Search the records for the word "Mean" and copy every line in which it occurs.

§

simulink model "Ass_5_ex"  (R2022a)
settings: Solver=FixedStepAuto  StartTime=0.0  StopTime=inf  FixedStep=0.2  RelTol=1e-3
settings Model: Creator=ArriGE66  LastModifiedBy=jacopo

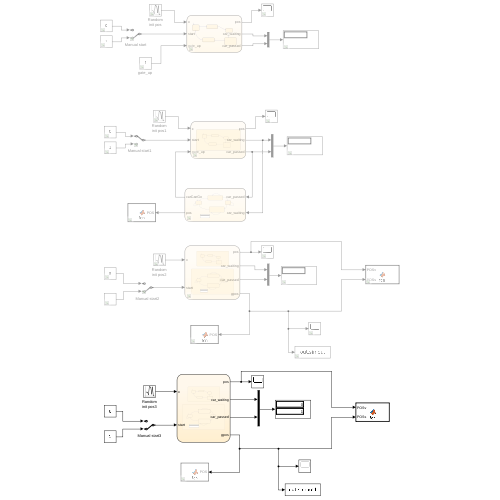
[thumbnail: Simulink's stored preview of the top-level diagram]
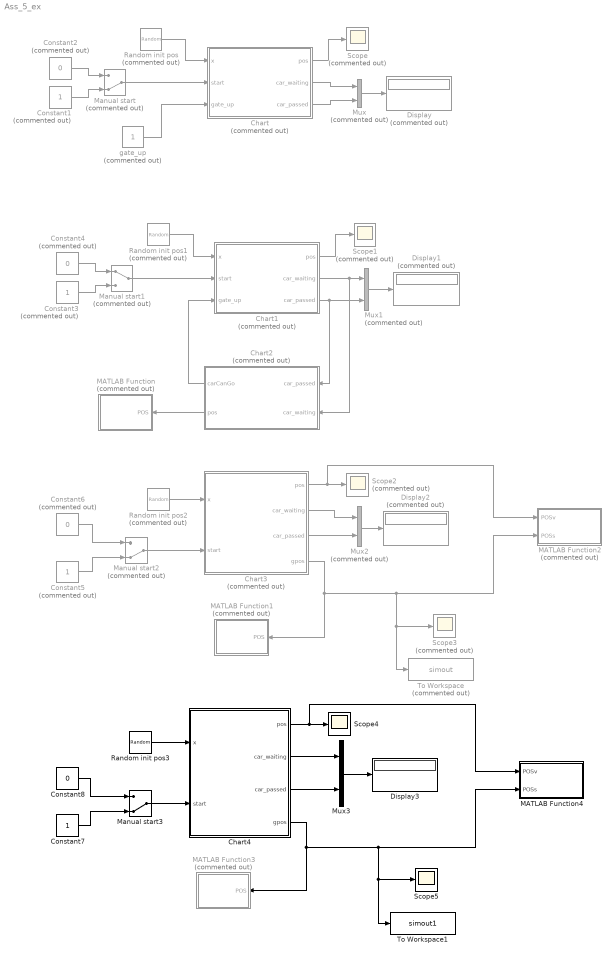
== system Ass_5_ex ==
  Chart : Stateflow chart  Commented=on  TreatAsAtomicUnit=on
  Chart1 : Stateflow chart  Commented=on  TreatAsAtomicUnit=on
  Chart2 : Stateflow chart  Commented=on  TreatAsAtomicUnit=on
  Chart3 : Stateflow chart  Commented=on  TreatAsAtomicUnit=on
  Chart4 : Stateflow chart  TreatAsAtomicUnit=on
  Constant1 : Constant  Commented=on
  Constant2 : Constant  Commented=on  Value=0
  Constant3 : Constant  Commented=on
  Constant4 : Constant  Commented=on  Value=0
  Constant5 : Constant  Commented=on
  Constant6 : Constant  Commented=on  Value=0
  Constant7 : Constant
  Constant8 : Constant  Value=0
  Display : Display  Commented=on
  Display1 : Display  Commented=on
  Display2 : Display  Commented=on
  Display3 : Display
  MATLAB Function : MATLAB Function  Commented=on  TreatAsAtomicUnit=on
  MATLAB Function1 : MATLAB Function  Commented=on  TreatAsAtomicUnit=on
  MATLAB Function2 : MATLAB Function  Commented=on  TreatAsAtomicUnit=on
  MATLAB Function3 : MATLAB Function  Commented=on  TreatAsAtomicUnit=on
  MATLAB Function4 : MATLAB Function  TreatAsAtomicUnit=on
  Manual start : ManualSwitch  Commented=on  CurrentSetting=0
  Manual start1 : ManualSwitch  Commented=on
  Manual start2 : ManualSwitch  Commented=on  CurrentSetting=0
  Manual start3 : ManualSwitch  CurrentSetting=0
  Mux : Mux  Commented=on  Inputs=2
  Mux1 : Mux  Commented=on  Inputs=2
  Mux2 : Mux  Commented=on  Inputs=2
  Mux3 : Mux  Inputs=2
  Random init pos : RandomNumber  Commented=on  Mean=-15  Variance=5
  Random init pos1 : RandomNumber  Commented=on  Mean=-15  Variance=5  SampleTime=0.2
  Random init pos2 : RandomNumber  Commented=on  Mean=-15  Variance=5  SampleTime=0.2
  Random init pos3 : RandomNumber  Mean=-15  Variance=5  SampleTime=0.2
  Scope{,1..3} (4 alike) : Scope  Commented=on
  Scope4 : Scope
  Scope5 : Scope
  To Workspace : ToWorkspace  Commented=on  VariableName=simout  SampleTime=-1
  To Workspace1 : ToWorkspace  VariableName=simout1  SampleTime=-1
  "gate_up " : Constant  Commented=on
  wires:
  Random init pos/1 -> Chart/1(x)
  Constant1/1 -> Manual start/2
  Constant2/1 -> Manual start/1
  Manual start/1 -> Chart/2(start)
  "gate_up "/1 -> Chart/3(gate_up)
  Chart/1(pos) -> Scope/1
  Mux/1 -> Display/1
  Chart/2(car_waiting) -> Mux/1
  Chart/3(car_passed) -> Mux/2
  Constant3/1 -> Manual start1/2
  Manual start1/1 -> Chart1/2(start)
  Constant4/1 -> Manual start1/1
  Chart1/1(pos) -> Scope1/1
  Random init pos1/1 -> Chart1/1(x)
  Mux1/1 -> Display1/1
  Chart1/2(car_waiting) -> Chart2/2(car_waiting), Mux1/1
  Chart1/3(car_passed) -> Chart2/1(car_passed), Mux1/2
  Chart2/1(carCanGo) -> Chart1/3(gate_up)
  Chart2/2(pos) -> MATLAB Function/1(POS)
  Chart3/1(pos) -> Scope2/1, MATLAB Function2/1(POSv)
  Manual start2/1 -> Chart3/2(start)
  Mux2/1 -> Display2/1
  Constant6/1 -> Manual start2/1
  Chart3/3(car_passed) -> Mux2/2
  Constant5/1 -> Manual start2/2
  Random init pos2/1 -> Chart3/1(x)
  Chart3/4(gpos) -> MATLAB Function1/1(POS), To Workspace/1, Scope3/1, MATLAB Function2/2(POSs)
  Chart3/2(car_waiting) -> Mux2/1
  Chart4/4(gpos) -> MATLAB Function3/1(POS), To Workspace1/1, Scope5/1, MATLAB Function4/2(POSs)
  Chart4/1(pos) -> MATLAB Function4/1(POSv), Scope4/1
  Manual start3/1 -> Chart4/2(start)
  Random init pos3/1 -> Chart4/1(x)
  Constant7/1 -> Manual start3/2
  Constant8/1 -> Manual start3/1
  Chart4/3(car_passed) -> Mux3/2
  Mux3/1 -> Display3/1
  Chart4/2(car_waiting) -> Mux3/1

== stateflow chart Ass_5_ex/Chart ==
  state idle
    init = x;
    pos = init;
    car_waiting = 0;
    car_passed = 0;
  state approaching
    pos = init + v*elapsed(sec);
  state stop
    tmp = pos;
    car_waiting = 1;
    car_passed = 0;
  state pass
    pos = tmp+v*elapsed(sec);
    car_waiting = 0;
    ex:
    pos = tmp + v*elapsed(sec);
    tmp = pos;
  state passed
    pos = tmp + v*elapsed(sec);
    car_passed = 1;
  (default) -> idle
  approaching -> stop : [pos >= 0]
  idle -> approaching : [start == 1]
  passed -> idle : [after(10, sec)]
  stop -> pass : [gate_up == 1]
  pass -> passed : [pos >= gate_end]
  data: gate_end local =3; v local double =1; pos output; car_waiting output; car_passed output; init local; x input; start input; gate_up input; tmp local

== matlab function Ass_5_ex/MATLAB Function ==
  data: POS input
function fcn(POS)

    a = 0.5;
    c = 2;
    L = 4;
    b = a + L*cos(POS);
    d = c + L*sin(POS);
    plot([a b], [c d], 'r', 'LineWidth', 2)
    hold on
    plot([0.5 0.5], [0 2], 'b', 'LineWidth', 8)
    xlim([0 6])
    ylim([0 6])
    
end

== stateflow chart Ass_5_ex/Chart3 ==
  state superstate1 [parallel]
    settings: executionOrder=1
    state idle
      init = x;
      pos = init;
      car_waiting = 0;
      car_passed = 0;
    state approaching
      pos = init + v*elapsed(sec);
    state stop
      tmp = pos;
      car_waiting = 1;
      car_passed = 0;
    state pass
      pos = tmp+v*elapsed(sec);
      car_waiting = 0;
      ex:
      pos = tmp + v*elapsed(sec);
      tmp = pos;
    state passed
      pos = tmp + v*elapsed(sec);
      car_passed = 1;
    (default) -> idle
    approaching -> stop : [pos >= 0]
    idle -> approaching : [start == 1]
    passed -> idle : [after(10, sec)]
    stop -> pass : [gate_up == 1]
    pass -> passed : [pos >= gate_end]
  state superstate2 [parallel]
    settings: executionOrder=2
    note: == 0 before
    note: probabilmente usare matlab function per
        | fare raise
        | hp per ora: raise = 1 alza, raise = 0 fermo
        | raise = - 1 abbassa
    state raising
      [gpos, gate_up] = gateAction(T, raise, gpos);
    note: gateUP viene calcolato da funzione
        | gateUP è uno se angolo è pi/2
    state up
      % gpos = pi/2;
    state down
      gpos = 0;
      gate_up = 0;
      raise = 0;
    state lowering
      [gpos, gate_up] = gateAction(T, raise, gpos);
    note: problema a scendere
    note: == 1 before
        | NaN else in function
    raising -> raising [order 1] : [gate_up > 1] {raise = 1, T = elapsed(sec)}
    raising -> up [order 2] : [gate_up == 1]
    down -> raising [order 2] : [car_waiting == 1] {raise = 1, T = elapsed(sec)}
    (default) -> down
    up -> up [order 1] : [car_passed == 0]
    down -> down [order 1] : [car_waiting == 0]
    lowering -> down [order 2] : [gate_up == 0]
    up -> lowering [order 2] : [car_passed == 1] {raise = -1, T = elapsed(sec)}
    lowering -> lowering [order 1] : [gate_up > 1] {raise = -1, T = elapsed(sec)}
  data: vpos function_output double; vgu function_output; vt function_input; vr function_input; vposin function_input; gate_end local =3; v local double =1; pos output; car_waiting output; car_passed output; init local; x input; start input; tmp local; gpos output; T local; raise local; gate_up local
  function [vpos, vgu] = gateAction(vt, vr, vposin):
    | function [vpos, vgu] = gateAction(vt, vr, vposin)
    | 
    | % vt is time
    | % vr is raise command
    | 
    | % vpos is pos
    | % vgu is gate_up
    | 
    | % gate specs
    | wmax = 4*pi/180;                                                            % rad/s, maximum angular velocity of gate
    | dwmax = 1*pi/180;                                                           % rad/s, maximum angular acceleration of gate
    | DC = 0;                                                                     % rad,   down condition
    | UC = pi/2;                                                                  % rad,   up condition
    | 
    | % perché non accelera?
    | % è giusta la legge? Io ho sempre deltaT
    | 
    | % x = k*t
    | % xb = k*t
    | % xc = k*(tb + dt)
    | % xc = xb + k*dt
    | % finché è lineare va bene
    | 
    | % ma se è quadratica
    | % x = k*t^2
    | % xb = k*tb
    | % xc = k*(tb + dt)^2
    | % xc = k*tb^2 + k*dt^2 + 2*k*tb*dt
    | % quindi, almeno ho scoperto che la legge non è giusta...
    | % adesso devo capire come considerare tb, i.e. TUTTO il tempo fino
    | % all'istante precedente
    | % variabile che è inizializzata a zero nella funzione e continua a uscire e
    | % rientrare con incremento?
    | % usare qualcosa di built-in con il tempo?
    | 
    | if vr == 1
    | %     vpos = vposin + wmax*vt + 1/2*dwmax*vt^2;
    |     vpos = vposin + 1/2*dwmax*vt^2;
    | elseif vr == - 1
    | %     vpos = UC*0 + vposin - wmax*vt - 1/2*dwmax*vt^2;
    |     vpos = UC*0 + vposin - 1/2*dwmax*vt^2;
    | else
    |     vpos = vposin;
    | end
    | 
    | if abs(vpos - DC) < 1e-2
    |     vgu = 0;
    | elseif abs(vpos - UC) < 1e-2
    |     vgu = 1;
    | else
    |     vgu = 2;
    | end
    | 
    | 
    | end

== matlab function Ass_5_ex/MATLAB Function2 ==
  data: POSv input; POSs input
function fcn(POSv, POSs)

    a = 0;
    c = 2;
    L = 4;
    b = a + L*cos(POSs);
    d = c + L*sin(POSs);
    clf
    plot3([0 0], [a b], [c d], 'r', 'LineWidth', 2)
    hold on
    plot3([0 0], [0 0], [0 2], 'b', 'LineWidth', 8)
    hold on
    plot3(POSv, 2, 0, '*k', 'LineWidth', 10)
    grid on
    xlim([-6 1])
    ylim([-0.5 6])
    zlim([0 6])
    
end

== matlab function Ass_5_ex/MATLAB Function1 ==
  data: POS input
function fcn(POS)

    a = 0.5;
    c = 2;
    L = 4;
    b = a + L*cos(POS);
    d = c + L*sin(POS);
    clf
    plot([a b], [c d], 'r', 'LineWidth', 2)
    hold on
    plot([0.5 0.5], [0 2], 'b', 'LineWidth', 8)
    xlim([0 6])
    ylim([0 6])
    
end

== stateflow chart Ass_5_ex/Chart4 ==
  state superstate1 [parallel]
    settings: executionOrder=1
    state idle
      init = x;
      pos = init;
      car_waiting = 0;
      car_passed = 0;
    state approaching
      pos = init + v*elapsed(sec);
    state stop
      tmp = pos;
      car_waiting = 1;
      car_passed = 0;
    state pass
      pos = tmp+v*elapsed(sec);
      car_waiting = 0;
      ex:
      pos = tmp + v*elapsed(sec);
      tmp = pos;
    state passed
      pos = tmp + v*elapsed(sec);
      car_passed = 1;
    (default) -> idle
    approaching -> stop : [pos >= 0]
    idle -> approaching : [start == 1]
    passed -> idle : [after(10, sec)]
    stop -> pass : [gate_up == 1]
    pass -> passed : [pos >= gate_end]
  state superstate2 [parallel]
    settings: executionOrder=2
    note: probabilmente usare matlab function per
        | fare raise
        | hp per ora: raise = 1 alza, raise = 0 fermo
        | raise = - 1 abbassa
    state raising
      [gpos, gate_up, Tc] = gateAction(T, raise, gpos, Tc, 0);
    note: gateUP viene calcolato da funzione
        | gateUP è uno se angolo è pi/2
    state up
      % gpos = pi/2;
      oldpos = gpos;
      Tc = 0;
    state down
      gpos = 0;
      gate_up = 0;
      raise = 0;
      Tc = 0;
    state lowering
      [gpos, gate_up, Tc] = gateAction(T, raise, gpos, Tc, oldpos);
    note: problema a scendere
    note: == 1 before
        | NaN else in function
    raising -> raising [order 1] : [gate_up == 0 || gate_up > 1] {raise = 1, T = elapsed(sec)}
    raising -> up [order 2] : [gate_up == 1]
    down -> raising [order 2] : [car_waiting == 1] {raise = 1, T = elapsed(sec)}
    (default) -> down
    up -> up [order 1] : [car_passed == 0]
    down -> down [order 1] : [car_waiting == 0]
    lowering -> down [order 2] : [gate_up == 0]
    up -> lowering [order 2] : [car_passed == 1] {raise = -1, T = elapsed(sec)}
    lowering -> lowering [order 1] : [gate_up > 1] {raise = -1, T = elapsed(sec)}
  data: vpos function_output double; vgu function_output; vt function_input; vr function_input; vposin function_input; Tcum function_input; t function_output; oldpos function_input; gate_end local =3; v local double =1; pos output; car_waiting output; car_passed output; init local; x input; start input; tmp local; gpos output; T local; raise local; gate_up local; Tc local; oldpos local
  function [vpos, vgu, t] = gateAction(vt, vr, vposin, Tcum, oldpos):
    | function [vpos, vgu, t] = gateAction(vt, vr, vposin, Tcum, oldpos)
    | 
    | % vt is time
    | % vr is raise command
    | 
    | % vpos is pos
    | % vgu is gate_up
    | 
    | % gate specs
    | wmax = 4*pi/180;                                                            % rad/s, maximum angular velocity of gate
    | dwmax = 1*pi/180;                                                           % rad/s, maximum angular acceleration of gate
    | DC = 0;                                                                     % rad,   down condition
    | UC = pi/2;                                                                  % rad,   up condition
    | 
    | % perché non accelera?
    | 
    | % x = k*t
    | % xb = k*t
    | % xc = k*(tb + dt)
    | % xc = xb + k*dt
    | % finché è lineare va bene
    | 
    | % ma se è quadratica
    | % x = k*t^2
    | % xb = k*tb
    | % xc = k*(tb + dt)^2
    | % xc = k*tb^2 + k*dt^2 + 2*k*tb*dt
    | % quindi, almeno ho scoperto che la legge non è giusta...
    | % adesso devo capire come considerare tb, i.e. TUTTO il tempo fino
    | % all'istante precedente
    | % variabile che è inizializzata a zero nella funzione e continua a uscire e
    | % rientrare con incremento?
    | % usare qualcosa di built-in con il tempo?
    | 
    | t = Tcum + vt;
    | 
    | if vr == 1
    | %     vpos = vposin + wmax*vt + 1/2*dwmax*vt^2;
    | %     vpos = vposin + 1/2*dwmax*vt^2;
    |     vpos = 1/2*dwmax*t^2;
    | 
    | elseif vr == - 1
    | %     vpos = UC*0 + vposin - wmax*vt - 1/2*dwmax*vt^2;
    | %     vpos = UC*0 + vposin - 1/2*dwmax*vt^2;
    |     vpos = oldpos - 1/2*dwmax*t^2;
    | 
    | else
    |     vpos = vposin;
    | end
    | 
    | if abs(vpos - DC) < 1e-2
    |     vgu = 0;
    | elseif abs(vpos - UC) < 1e-2
    |     vgu = 1;
    | else
    |     vgu = 2;
    | end
    | 
    | 
    | end

== matlab function Ass_5_ex/MATLAB Function3 ==
  data: POS input
function fcn(POS)

    a = 0.5;
    c = 2;
    L = 4;
    b = a + L*cos(POS);
    d = c + L*sin(POS);
    clf
    plot([a b], [c d], 'r', 'LineWidth', 2)
    hold on
    plot([0.5 0.5], [0 2], 'b', 'LineWidth', 8)
    xlim([0 6])
    ylim([0 6])
    
end

== matlab function Ass_5_ex/MATLAB Function4 ==
  data: POSv input; POSs input
function fcn(POSv, POSs)

    a = 0;
    c = 2;
    L = 4;
    b = a + L*cos(POSs);
    d = c + L*sin(POSs);
    clf
    plot3([0 0], [a b], [c d], 'r', 'LineWidth', 2)
    hold on
    plot3([0 0], [0 0], [0 2], 'b', 'LineWidth', 8)
    hold on
    plot3(POSv, 2, 0, '*k', 'LineWidth', 10)
    grid on
    xlim([-6 1])
    ylim([-0.5 6])
    zlim([0 6])
    
end

== stateflow chart Ass_5_ex/Chart1 ==
  state superstate1
    state idle
      init = x;
      pos = init;
      car_waiting = 0;
      car_passed = 0;
    state approaching
      pos = init + v*elapsed(sec);
    state stop
      tmp = pos;
      car_waiting = 1;
      car_passed = 0;
    state pass
      pos = tmp+v*elapsed(sec);
      car_waiting = 0;
      ex:
      pos = tmp + v*elapsed(sec);
      tmp = pos;
    state passed
      pos = tmp + v*elapsed(sec);
      car_passed = 1;
    (default) -> idle
    approaching -> stop : [pos >= 0]
    idle -> approaching : [start == 1]
    passed -> idle : [after(10, sec)]
    stop -> pass : [gate_up == 1]
    pass -> passed : [pos >= gate_end]
  data: gate_end local =3; v local double =1; pos output; car_waiting output; car_passed output; init local; x input; start input; gate_up input; tmp local

== stateflow chart Ass_5_ex/Chart2 ==
  note: probabilmente usare matlab function per
      | fare raise
      | hp per ora: raise = 1 alza, raise = 0 fermo
      | raise = - 1 abbassa
  note: gateUP viene calcolato da funzione
      | gateUP è uno se angolo è pi/2
  state raising
    carCanGo = 0;
    T = elapsed(sec);
    [pos, gate_up] = gateAction(T, raise);
  state up
    pos = pi/2;
    carCanGo = 1;
  state down
    pos = 0;
    carCanGo = 0;
  state lowering
    carCanGo = 0;
    T = elapsed(sec);
    [pos, gate_up] = gateAction(T, raise);
  raising -> raising [order 1] : [gate_up == 0] {raise = 1}
  raising -> up [order 2] : [gate_up == 1]
  down -> raising [order 2] : [car_waiting == 1] {raise = 1}
  (default) -> down
  up -> up [order 1] : [car_passed == 0]
  down -> down [order 1] : [car_waiting == 0]
  lowering -> down [order 2] : [gate_up == 0]
  up -> lowering [order 2] : [car_passed == 1] {raise = -1}
  lowering -> lowering [order 1] : [gate_up == 1] {raise = -1}
  data: vpos function_output double; vgu function_output; vt function_input; vr function_input; car_passed input; car_waiting input; carCanGo output; raise local; gate_up local; T local; pos output
  function [vpos, vgu] = gateAction(vt, vr):
    | function [vpos, vgu] = gateAction(vt, vr)
    | 
    | % v2 is car_waiting
    | % vp is car_passed
    | % vt is time
    | % vr is raise command
    | 
    | % vpos is pos
    | % vgu is gate_up
    | 
    | % gate specs
    | wmax = 4*pi/180;                                                            % rad/s, maximum angular velocity of gate
    | dwmax = 1*pi/180;                                                           % rad/s, maximum angular acceleration of gate
    | DC = 0;                                                                     % rad,   down condition
    | UC = pi/2;                                                                  % rad,   up condition
    | 
    | % in seguito aggiungere verifica su derivata di vpos (dwmax*vt) che rispetti wmax
    | 
    | 
    | if vr == 1
    |     vpos = dwmax*vt + 1/2*dwmax*vt^2; %siccome mi dà tempo passato, non c'è bisogno: togli pure vpos da input
    | elseif vr == - 1
    |     vpos = UC - dwmax*vt - 1/2*dwmax*vt^2;
    | else
    |     vpos = NaN;
    | end
    | 
    | if vpos == DC
    |     vgu = 0;
    | elseif vpos == UC
    |     vgu = 1;
    | else
    |     vgu = NaN;
    | end
    | 
    | 
    | end

§

**Response**
  Random init pos : RandomNumber  Commented=on  Mean=-15  Variance=5
  Random init pos1 : RandomNumber  Commented=on  Mean=-15  Variance=5  SampleTime=0.2
  Random init pos2 : RandomNumber  Commented=on  Mean=-15  Variance=5  SampleTime=0.2
  Random init pos3 : RandomNumber  Mean=-15  Variance=5  SampleTime=0.2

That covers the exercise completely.